From the entries below, return exactly the lines beginning at the one that contains "arc A8 (11.1528, -9.7335)" and ending at the one that contains "circle A27 centre", both of them included, and only those lines.

====

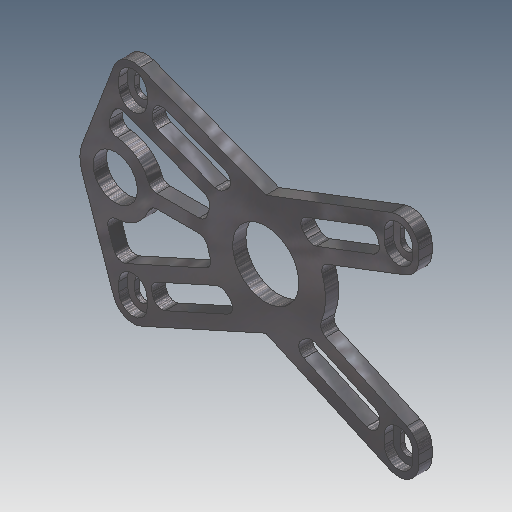
# Autodesk Inventor part: ギア支え1
Saved by Autodesk Inventor 2019.4 (Build 234330000, 330)
## iProperties
Created: 2018-08-09
Part Number: ギア支え1
Material: アルミニウム 2014-T4
Document SubType Name: Modeling
Designer: Owner
Density: 2.8 g/cm^3
Appearance: サテン
Mass: 5.01161 g
Surface Area: 45.1663 cm^2
Volume: 5.01161 cm^3
Author: Owner
Autodesk Inventor part; units mm, degrees
ref_plane "YZ Plane" through (0, 0, 0) normal (1, 0, 0) x (0, 1, 0)
ref_plane "XZ Plane" through (0, 0, 0) normal (0, 1, 0) x (-1, 0, 0)
ref_plane "XY Plane" through (0, 0, 0) normal (0, 0, 1) x (1, 0, 0)
sketch "スケッチ1" plane through (0, 0, 0) normal (0, 0, 1) x (1, 0, 0)
  circle A0 centre (0, 0) radius 5 construction
  circle A1 centre (0, 0) radius 7.5
  line L0 (-30, 20) -> (-30, 18) construction
  line L1 (-31.6, 20) -> (-31.6, 18)
  line L2 (-28.4, 18) -> (-28.4, 20)
  arc A2 (-28.4, 20) -> (-31.6, 20) centre (-30, 20) ccw
  arc A3 (-31.6, 18) -> (-28.4, 18) centre (-30, 18) ccw
  line L3 (0, 0) -> (-34, 0) construction
  line L4 (-30, -20) -> (-30, -22) construction
  line L5 (-31.6, -20) -> (-31.6, -22)
  line L6 (-28.4, -22) -> (-28.4, -20)
  arc A4 (-28.4, -20) -> (-31.6, -20) centre (-30, -20) ccw
  arc A5 (-31.6, -22) -> (-28.4, -22) centre (-30, -22) ccw
  line L7 (30, 20) -> (30, 18) construction
  line L8 (28.4, 20) -> (28.4, 18)
  line L9 (31.6, 18) -> (31.6, 20)
  arc A6 (31.6, 20) -> (28.4, 20) centre (30, 20) ccw
  arc A7 (28.4, 18) -> (31.6, 18) centre (30, 18) ccw
  line L10 (30, -20) -> (30, -22) construction
  line L11 (28.4, -20) -> (28.4, -22)
  line L12 (31.6, -22) -> (31.6, -20)
  arc A8 (31.6, -20) -> (28.4, -20) centre (30, -20) ccw
  arc A9 (28.4, -22) -> (31.6, -22) centre (30, -22) ccw
  circle A10 centre (-34, 0) radius 5
  circle A11 centre (-34, 0) radius 8
  line L13 (-25.4, 18) -> (-25.4, 20)
  arc A12 (-25.4, 20) -> (-34.6, 20) centre (-30, 20) ccw
  line L14 (-34.6, 20) -> (-34.6, 18)
  arc A13 (-34.6, 18) -> (-25.4, 18) centre (-30, 18) ccw
  line L15 (34.6, 18) -> (34.6, 20)
  arc A14 (34.6, 20) -> (25.4, 20) centre (30, 20) ccw
  line L16 (25.4, 20) -> (25.4, 18)
  arc A15 (25.4, 18) -> (34.6, 18) centre (30, 18) ccw
  line L17 (-25.4, -20) -> (-25.4, -22)
  arc A16 (-34.6, -22) -> (-25.4, -22) centre (-30, -22) ccw
  line L18 (-34.6, -22) -> (-34.6, -20)
  arc A17 (-25.4, -20) -> (-34.6, -20) centre (-30, -20) ccw
  line L19 (34.6, -22) -> (34.6, -20)
  line L20 (25.4, -20) -> (25.4, -21.6783)
  arc A18 (28.1068, -26.1924) -> (34.6, -22) centre (30, -22) ccw
  line L21 (-41.4733, 2.8547) -> (-34.2972, 21.6414)
  line L22 (-28.3632, 24.299) -> (0, 13.5)
  line L23 (0, 13.5) -> (28.3632, 24.299)
  line L24 (31.6368, 13.701) -> (11.9827, 6.218)
  line L25 (-31.6368, 13.701) -> (-11.9827, 6.218)
  line L26 (-36.4424, 7.618) -> (-33.5801, 15.1115)
  line L27 (-13.4164, 1.5) -> (-26.1419, 1.5)
  line L28 (-25.4, 19.9607) -> (-5.433, 12.3585)
  line L29 (5.433, 12.3585) -> (25.4, 19.9607)
  line L30 (-26.5388, 14.9701) -> (-10.2611, 8.7726)
  line L31 (26.5388, 14.9701) -> (10.2611, 8.7726)
  line L32 (-42, 0) -> (13.5, 0)
  line L33 (-13.4164, -1.5) -> (-26.1419, -1.5)
  line L34 (-41.5618, -2.6112) -> (-34.3481, -23.5015)
  line L35 (-36.6877, -7.535) -> (-33.4385, -16.9444)
  line L36 (-28.1068, -26.1924) -> (0, -13.5)
  line L37 (0, -13.5) -> (28.1068, -26.1924)
  line L38 (-31.8932, -15.8076) -> (-11.721, -6.6984)
  line L39 (31.8932, -15.8076) -> (11.721, -6.6984)
  line L40 (26.7279, -16.7668) -> (9.9068, -9.1708)
  line L41 (25.4, -21.6783) -> (5.0863, -12.5052)
  line L42 (-5.0863, -12.5052) -> (-25.4, -21.6783)
  line L43 (-26.7279, -16.7668) -> (-9.9068, -9.1708)
  arc A19 (-9.9068, -9.1708) -> (-5.0863, -12.5052) centre (0, 0) ccw
  arc A20 (5.0863, -12.5052) -> (9.9068, -9.1708) centre (0, 0) ccw
  arc A21 (11.721, -6.6984) -> (-11.721, -6.6984) centre (0, 0) ccw
  arc A22 (34.6, -20) -> (31.8932, -15.8076) centre (30, -20) ccw
  arc A23 (26.7279, -16.7668) -> (25.4, -20) centre (30, -20) ccw
  point P0 (-30, 19)
  point P1 (-30, -21)
  point P2 (30, 19)
  point P3 (30, -21)
  point P4 (-26, 0)
  point P5 (-39, 0)
  point P6 (-29, 0)
  point P7 (-7.5, 0)
  point P8 (7.5, 0)
  point P9 (-13.5, 0)
  dimension "d0" = 10
  dimension "d1" = 15
  dimension "d2" = 30
  dimension "d3" = 20
  dimension "d4" = 1.6
  dimension "d5" = 2
  dimension "d8" = 40
  dimension "d11" = 60
  dimension "d14" = 10
  dimension "d15" = 34
  dimension "d16" = 3
  dimension "d17" = 3
  dimension "d18" = 3
  dimension "d19" = 3
  dimension "d20" = 3
  dimension "d22" = 3
  dimension "d23" = 1.5
  dimension "d24" = 3
  dimension "d25" = 3
  dimension "d26" = 3
  dimension "d27" = 3
  dimension "d30" = 3
  dimension "d31" = 3
  dimension "d32" = 3
  dimension "d33" = 3
  dimension "d34" = 3
  dimension "d35" = 3
  dimension "d36" = 6
  constraints: 96 end point, 56 point on circle, 22 centre point, 18 tangent, 15 parallel, 13 point on line, 3 coincident, 2 concentric, 2 horizontal, 2 vertical, 2 vertical alignment, 1 collinear, 1 midpoint, 72 other
  measures "d0" diameter of A0
  measures "d1" diameter of A1
  measures "d2" horizontal distance of point (-30, 19) point (0, 0)
  measures "d3" vertical distance of point (0, 0) L0.start
  measures "d4" radius of A2
  measures "d5" distance of L0.start L0.end
  measures "d8" distance of L1.start L5.start
  measures "d11" distance of L1.start L8.start
  measures "d14" diameter of A10
  measures "d15" distance of L3.start L3.end
  measures "d17" radial gap between concentric circles of A3 A13
  measures "d18" radial gap between concentric circles of A7 A15
  measures "d19" distance between parallel lines of L6 L17
  measures "d20" radial gap between concentric circles of A9 A18
  measures "d22" distance between parallel lines of L21 L26
  measures "d23" distance between parallel lines of L3 L27
  measures "d24" distance between parallel lines of L22 L28
  measures "d25" distance between parallel lines of L25 L30
  measures "d26" distance between parallel lines of L24 L31
  measures "d27" distance between parallel lines of L23 L29
  measures "d30" distance between parallel lines of L27 L33
  measures "d31" distance between parallel lines of L34 L35
  measures "d32" distance between parallel lines of L39 L40
  measures "d33" distance between parallel lines of L37 L41
  measures "d34" distance between parallel lines of L38 L43
  measures "d35" distance between parallel lines of L36 L42
  measures "d36" radial gap between concentric circles of A1 A19
extrude "押し出し1" add sketch "スケッチ1" along normal blind 3 contours L32 A21 L39 A22 L19 A18 L37 L36 A16 L17 L42 A19 L43 A17 L38 A1 | A1 L32 A21 | A21 L33 A11 L32 | L32 A11 L27 A21 | A21 L31 A15 L24 | L32 A10 A11 | A11 L32 A10 | A15 L16 A14 L15 | L25 A13 L30 A21 | A21 L23 A14 L16 L29 | A11 L21 A12 L14 A13 L26 | L35 A17 L18 A16 L34 A11 | A13 L14 A12 L13 | A17 L17 A16 L18 | A21 L28 L13 A12 L22
fillet "フィレット1" radius 2 28 edges at (-25.4, 19.9607, 1.5) (-26.5388, 14.9701, 1.5) (-33.5801, 15.1115, 1.5) (-5.433, 12.3585, 1.5) (-10.2611, 8.7726, 1.5) (-11.9827, 6.218, 1.5) (-13.4164, 1.5, 1.5) (-13.4164, -1.5, 1.5) (-11.721, -6.6984, 1.5) (-26.1419, 1.5, 1.5) (-26.1419, -1.5, 1.5) (-36.6877, -7.535, 1.5) (-33.4385, -16.9444, 1.5) (-9.9068, -9.1708, 1.5) (-5.0863, -12.5052, 1.5) (-25.4, -21.6783, 1.5) (-26.7279, -16.7668, 1.5) (-36.4424, 7.618, 1.5) (5.0863, -12.5052, 1.5) (9.9068, -9.1708, 1.5) (26.7279, -16.7668, 1.5) (25.4, -21.6783, 1.5) (26.5388, 14.9701, 1.5) (25.4, 19.9607, 1.5) (10.2611, 8.7726, 1.5) (5.433, 12.3585, 1.5) (11.9827, 6.218, 1.5) (11.721, -6.6984, 1.5)
sketch "スケッチ2" plane through (0, 0, 3) normal (0, 0, 1) x (1, 0, 0)
  line L0 (-22.7523, 18.9526) -> (-9.1944, 13.7906) projected
  arc A0 (-8.6278, 10.3832) -> (-9.1944, 13.7906) centre (-9.906, 11.9214) ccw projected
  arc A1 (-8.6278, 10.3832) -> (-9.4066, 9.6833) centre (0, 0) ccw projected
  arc A2 (-11.5118, 9.2488) -> (-9.4066, 9.6833) centre (-10.8001, 11.1179) ccw projected
  line L1 (-11.5118, 9.2488) -> (-24.4126, 14.1606) projected
  arc A3 (-25.6098, 16.6268) -> (-24.4126, 14.1606) centre (-23.701, 16.0297) ccw projected
  arc A4 (-25.6098, 16.6268) -> (-25.4446, 17.3612) centre (-30, 18) ccw projected
  arc A5 (-22.7523, 18.9526) -> (-25.4446, 17.3612) centre (-23.4639, 17.0835) ccw projected
  line L2 (22.7176, -20.467) -> (8.6309, -14.1058) projected
  arc A6 (8.2341, -10.6981) -> (8.6309, -14.1058) centre (9.454, -12.283) ccw projected
  arc A7 (8.2341, -10.6981) -> (8.9968, -10.0651) centre (0, 0) ccw projected
  arc A8 (11.1528, -9.7335) -> (8.9968, -10.0651) centre (10.3297, -11.5563) ccw projected
  line L3 (11.1528, -9.7335) -> (24.6544, -15.8305) projected
  arc A9 (25.7006, -18.3644) -> (24.6544, -15.8305) centre (23.8313, -17.6533) ccw projected
  arc A10 (25.7006, -18.3644) -> (25.4981, -19.0551) centre (30, -20) ccw projected
  arc A11 (22.7176, -20.467) -> (25.4981, -19.0551) centre (23.5407, -18.6443) ccw projected
  arc A12 (31.6, -20) -> (28.4, -20) centre (30, -20) ccw projected
  line L4 (31.6, -20) -> (31.6, -22) projected
  arc A13 (28.4, -22) -> (31.6, -22) centre (30, -22) ccw projected
  line L5 (28.4, -22) -> (28.4, -20) projected
  arc A14 (-28.4, -20) -> (-31.6, -20) centre (-30, -20) ccw projected
  line L6 (-28.4, -20) -> (-28.4, -22) projected
  arc A15 (-31.6, -22) -> (-28.4, -22) centre (-30, -22) ccw projected
  line L7 (-31.6, -22) -> (-31.6, -20) projected
  arc A16 (31.6, 20) -> (28.4, 20) centre (30, 20) ccw projected
  line L8 (31.6, 20) -> (31.6, 18) projected
  arc A17 (28.4, 18) -> (31.6, 18) centre (30, 18) ccw projected
  line L9 (28.4, 18) -> (28.4, 20) projected
  arc A18 (-28.4, 20) -> (-31.6, 20) centre (-30, 20) ccw projected
  line L10 (-28.4, 20) -> (-28.4, 18) projected
  arc A19 (-31.6, 18) -> (-28.4, 18) centre (-30, 18) ccw projected
  line L11 (-31.6, 18) -> (-31.6, 20) projected
  line L12 (-34.2852, -14.4925) -> (-35.6124, -10.6489) projected
  arc A20 (-33.7776, -7.9969) -> (-35.6124, -10.6489) centre (-33.722, -9.9961) ccw projected
  arc A21 (-33.7776, -7.9969) -> (-26.506, -2.8) centre (-34, 0) ccw projected
  arc A22 (-24.6325, -1.5) -> (-26.506, -2.8) centre (-24.6325, -3.5) ccw projected
  line L13 (-24.6325, -1.5) -> (-15.0997, -1.5) projected
  arc A23 (-13.1513, -3.0484) -> (-15.0997, -1.5) centre (-15.0997, -3.5) ccw projected
  arc A24 (-13.1513, -3.0484) -> (-12.5482, -4.9793) centre (0, 0) ccw projected
  arc A25 (-13.5841, -7.5397) -> (-12.5482, -4.9793) centre (-14.4072, -5.7169) ccw projected
  line L14 (-13.5841, -7.5397) -> (-31.5716, -15.6624) projected
  arc A26 (-34.2852, -14.4925) -> (-31.5716, -15.6624) centre (-32.3947, -13.8397) ccw projected
  circle A27 centre (0, 0) radius 7.5 projected
  arc A28 (12.5482, -4.9793) -> (12.7514, 4.4331) centre (0, 0) ccw projected
  arc A29 (13.9288, 6.959) -> (12.7514, 4.4331) centre (14.6405, 5.0899) ccw projected
  line L15 (13.9288, 6.959) -> (31.6368, 13.701) projected
  arc A30 (31.6368, 13.701) -> (34.6, 18) centre (30, 18) ccw projected
  line L16 (34.6, 18) -> (34.6, 20) projected
  arc A31 (34.6, 20) -> (28.3632, 24.299) centre (30, 20) ccw projected
  line L17 (28.3632, 24.299) -> (0, 13.5) projected
  line L18 (0, 13.5) -> (-28.3632, 24.299) projected
  arc A32 (-28.3632, 24.299) -> (-34.2972, 21.6414) centre (-30, 20) ccw projected
  line L19 (-34.2972, 21.6414) -> (-41.4733, 2.8547) projected
  arc A33 (-41.4733, 2.8547) -> (-41.5618, -2.6112) centre (-34, 0) ccw projected
  line L20 (-41.5618, -2.6112) -> (-34.3481, -23.5015) projected
  arc A34 (-34.3481, -23.5015) -> (-28.1068, -26.1924) centre (-30, -22) ccw projected
  line L21 (-28.1068, -26.1924) -> (0, -13.5) projected
  line L22 (0, -13.5) -> (28.1068, -26.1924) projected
  arc A35 (28.1068, -26.1924) -> (34.6, -22) centre (30, -22) ccw projected
  line L23 (34.6, -22) -> (34.6, -20) projected
  arc A36 (34.6, -20) -> (31.8932, -15.8076) centre (30, -20) ccw projected
  line L24 (31.8932, -15.8076) -> (13.5841, -7.5397) projected
  arc A37 (12.5482, -4.9793) -> (13.5841, -7.5397) centre (14.4072, -5.7169) ccw projected
  arc A38 (-12.7514, 4.4331) -> (-13.1513, 3.0484) centre (0, 0) ccw projected
  arc A39 (-15.0997, 1.5) -> (-13.1513, 3.0484) centre (-15.0997, 3.5) ccw projected
  line L25 (-15.0997, 1.5) -> (-24.6325, 1.5) projected
  arc A40 (-26.506, 2.8) -> (-24.6325, 1.5) centre (-24.6325, 3.5) ccw projected
  arc A41 (-26.506, 2.8) -> (-33.5188, 7.9855) centre (-34, 0) ccw projected
  arc A42 (-35.2669, 10.6956) -> (-33.5188, 7.9855) centre (-33.3985, 9.9819) ccw projected
  line L26 (-35.2669, 10.6956) -> (-34.5138, 12.6671) projected
  arc A43 (-31.8438, 13.7857) -> (-34.5138, 12.6671) centre (-32.6455, 11.9534) ccw projected
  arc A44 (-31.8438, 13.7857) -> (-31.6368, 13.701) centre (-30, 18) ccw projected
  line L27 (-31.6368, 13.701) -> (-13.9288, 6.959) projected
  arc A45 (-12.7514, 4.4331) -> (-13.9288, 6.959) centre (-14.6405, 5.0899) ccw projected
  line L28 (9.1944, 13.7906) -> (22.7523, 18.9526) projected
  arc A46 (25.4446, 17.3612) -> (22.7523, 18.9526) centre (23.4639, 17.0835) ccw projected
  arc A47 (25.4446, 17.3612) -> (25.6098, 16.6268) centre (30, 18) ccw projected
  arc A48 (24.4126, 14.1606) -> (25.6098, 16.6268) centre (23.701, 16.0297) ccw projected
  line L29 (24.4126, 14.1606) -> (11.5118, 9.2488) projected
  arc A49 (9.4066, 9.6833) -> (11.5118, 9.2488) centre (10.8001, 11.1179) ccw projected
  arc A50 (9.4066, 9.6833) -> (8.6278, 10.3832) centre (0, 0) ccw projected
  arc A51 (9.1944, 13.7906) -> (8.6278, 10.3832) centre (9.906, 11.9214) ccw projected
  circle A52 centre (-34, 0) radius 5 projected
  line L30 (-24.6544, -15.8305) -> (-11.1528, -9.7335) projected
  arc A53 (-8.9968, -10.0651) -> (-11.1528, -9.7335) centre (-10.3297, -11.5563) ccw projected
  arc A54 (-8.9968, -10.0651) -> (-8.2341, -10.6981) centre (0, 0) ccw projected
  arc A55 (-8.6309, -14.1058) -> (-8.2341, -10.6981) centre (-9.454, -12.283) ccw projected
  line L31 (-8.6309, -14.1058) -> (-22.7176, -20.467) projected
  arc A56 (-25.4981, -19.0551) -> (-22.7176, -20.467) centre (-23.5407, -18.6443) ccw projected
  arc A57 (-25.4981, -19.0551) -> (-25.7006, -18.3644) centre (-30, -20) ccw projected
  arc A58 (-24.6544, -15.8305) -> (-25.7006, -18.3644) centre (-23.8313, -17.6533) ccw projected
  arc A59 (33.2, 20) -> (26.8, 20) centre (30, 20) ccw
  line L32 (33.2, 20) -> (33.2, 18)
  arc A60 (26.8, 18) -> (33.2, 18) centre (30, 18) ccw
  line L33 (26.8, 18) -> (26.8, 20)
  line L34 (-26.8, 18) -> (-26.8, 20)
  arc A61 (-26.8, 20) -> (-33.2, 20) centre (-30, 20) ccw
  line L35 (-33.2, 20) -> (-33.2, 18)
  arc A62 (-33.2, 18) -> (-26.8, 18) centre (-30, 18) ccw
  line L36 (-26.8, -22) -> (-26.8, -20)
  arc A63 (-26.8, -20) -> (-33.2, -20) centre (-30, -20) ccw
  line L37 (-33.2, -20) -> (-33.2, -22)
  arc A64 (-33.2, -22) -> (-26.8, -22) centre (-30, -22) ccw
  line L38 (33.2, -22) -> (33.2, -20)
  arc A65 (33.2, -20) -> (26.8, -20) centre (30, -20) ccw
  line L39 (26.8, -20) -> (26.8, -22)
  arc A66 (26.8, -22) -> (33.2, -22) centre (30, -22) ccw
  dimension "d38" = 3.2
  constraints: 16 end point, 16 point on circle, 8 centre point, 3 equal radius, 12 other
  measures "d38" radius of A59
extrude "押し出し2" cut sketch "スケッチ2" against normal blind 2 contours L32 A60 L33 A59 | A62 L35 A61 L34 | A64 L37 A63 L36 | A66 L39 A65 L38
equation "\"d8\" = 2 * d3"
equation "\"d11\" = 2 * d2"

====

**Solved exercise**
  arc A8 (11.1528, -9.7335) -> (8.9968, -10.0651) centre (10.3297, -11.5563) ccw projected
  line L3 (11.1528, -9.7335) -> (24.6544, -15.8305) projected
  arc A9 (25.7006, -18.3644) -> (24.6544, -15.8305) centre (23.8313, -17.6533) ccw projected
  arc A10 (25.7006, -18.3644) -> (25.4981, -19.0551) centre (30, -20) ccw projected
  arc A11 (22.7176, -20.467) -> (25.4981, -19.0551) centre (23.5407, -18.6443) ccw projected
  arc A12 (31.6, -20) -> (28.4, -20) centre (30, -20) ccw projected
  line L4 (31.6, -20) -> (31.6, -22) projected
  arc A13 (28.4, -22) -> (31.6, -22) centre (30, -22) ccw projected
  line L5 (28.4, -22) -> (28.4, -20) projected
  arc A14 (-28.4, -20) -> (-31.6, -20) centre (-30, -20) ccw projected
  line L6 (-28.4, -20) -> (-28.4, -22) projected
  arc A15 (-31.6, -22) -> (-28.4, -22) centre (-30, -22) ccw projected
  line L7 (-31.6, -22) -> (-31.6, -20) projected
  arc A16 (31.6, 20) -> (28.4, 20) centre (30, 20) ccw projected
  line L8 (31.6, 20) -> (31.6, 18) projected
  arc A17 (28.4, 18) -> (31.6, 18) centre (30, 18) ccw projected
  line L9 (28.4, 18) -> (28.4, 20) projected
  arc A18 (-28.4, 20) -> (-31.6, 20) centre (-30, 20) ccw projected
  line L10 (-28.4, 20) -> (-28.4, 18) projected
  arc A19 (-31.6, 18) -> (-28.4, 18) centre (-30, 18) ccw projected
  line L11 (-31.6, 18) -> (-31.6, 20) projected
  line L12 (-34.2852, -14.4925) -> (-35.6124, -10.6489) projected
  arc A20 (-33.7776, -7.9969) -> (-35.6124, -10.6489) centre (-33.722, -9.9961) ccw projected
  arc A21 (-33.7776, -7.9969) -> (-26.506, -2.8) centre (-34, 0) ccw projected
  arc A22 (-24.6325, -1.5) -> (-26.506, -2.8) centre (-24.6325, -3.5) ccw projected
  line L13 (-24.6325, -1.5) -> (-15.0997, -1.5) projected
  arc A23 (-13.1513, -3.0484) -> (-15.0997, -1.5) centre (-15.0997, -3.5) ccw projected
  arc A24 (-13.1513, -3.0484) -> (-12.5482, -4.9793) centre (0, 0) ccw projected
  arc A25 (-13.5841, -7.5397) -> (-12.5482, -4.9793) centre (-14.4072, -5.7169) ccw projected
  line L14 (-13.5841, -7.5397) -> (-31.5716, -15.6624) projected
  arc A26 (-34.2852, -14.4925) -> (-31.5716, -15.6624) centre (-32.3947, -13.8397) ccw projected
  circle A27 centre (0, 0) radius 7.5 projected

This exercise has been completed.